Data supplied:
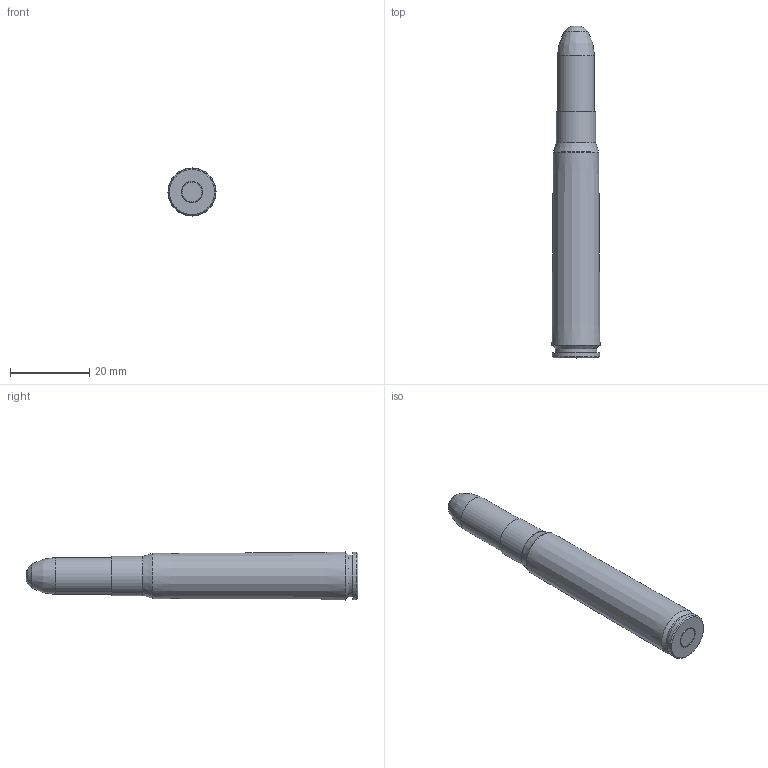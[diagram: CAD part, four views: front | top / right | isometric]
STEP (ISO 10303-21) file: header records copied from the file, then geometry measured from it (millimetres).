
FILE_DESCRIPTION((''),'2;1');
FILE_NAME('9.2X62MM MAUSER.stp','2012-12-05T13:31:04',('AGARRETT'),(''),'Autodesk Inventor 2012','Autodesk Inventor 2012','');
FILE_SCHEMA(('AUTOMOTIVE_DESIGN { 1 0 10303 214 1 1 1 1 }'));
Length unit declared in the file: inch
Products named in the file (4): iLogic Cartridge; Rimless Bottleneck; iLogic RN Bullet; PRIMER
Assembly tree (3 placements, depth 2):
  iLogic Cartridge
    Rimless Bottleneck
    iLogic RN Bullet
    PRIMER
Bounding box: 12.1 x 83.6 x 12.1 mm (x, y, z)
Volume: 2897 mm3; surface area: 5617.9 mm2
Topology: 3 solids, 3 shells, 35 faces, 59 edges, 33 vertices
Faces by surface type: plane 9, cylinder 9, torus 8, cone 7, bspline 2
Full cylindrical faces by diameter (mm): 1.778 x1, 5.08 x1, 5.334 x2, 9.299 x2, 9.921 x1, 10.5 x1, 11.951 x1
Entity records: 878 total; most frequent: CARTESIAN_POINT 160, DIRECTION 146, AXIS2_PLACEMENT_3D 73, ORIENTED_EDGE 66, EDGE_LOOP 66, FACE_OUTER_BOUND 35, ADVANCED_FACE 35, VERTEX_POINT 33

Prompt: When you reach the line containing "Topology: 3 solids, 3" in the data above, retype it and each line after it through the final one, exactly as written.

Solution to the problem:
Topology: 3 solids, 3 shells, 35 faces, 59 edges, 33 vertices
Faces by surface type: plane 9, cylinder 9, torus 8, cone 7, bspline 2
Full cylindrical faces by diameter (mm): 1.778 x1, 5.08 x1, 5.334 x2, 9.299 x2, 9.921 x1, 10.5 x1, 11.951 x1
Entity records: 878 total; most frequent: CARTESIAN_POINT 160, DIRECTION 146, AXIS2_PLACEMENT_3D 73, ORIENTED_EDGE 66, EDGE_LOOP 66, FACE_OUTER_BOUND 35, ADVANCED_FACE 35, VERTEX_POINT 33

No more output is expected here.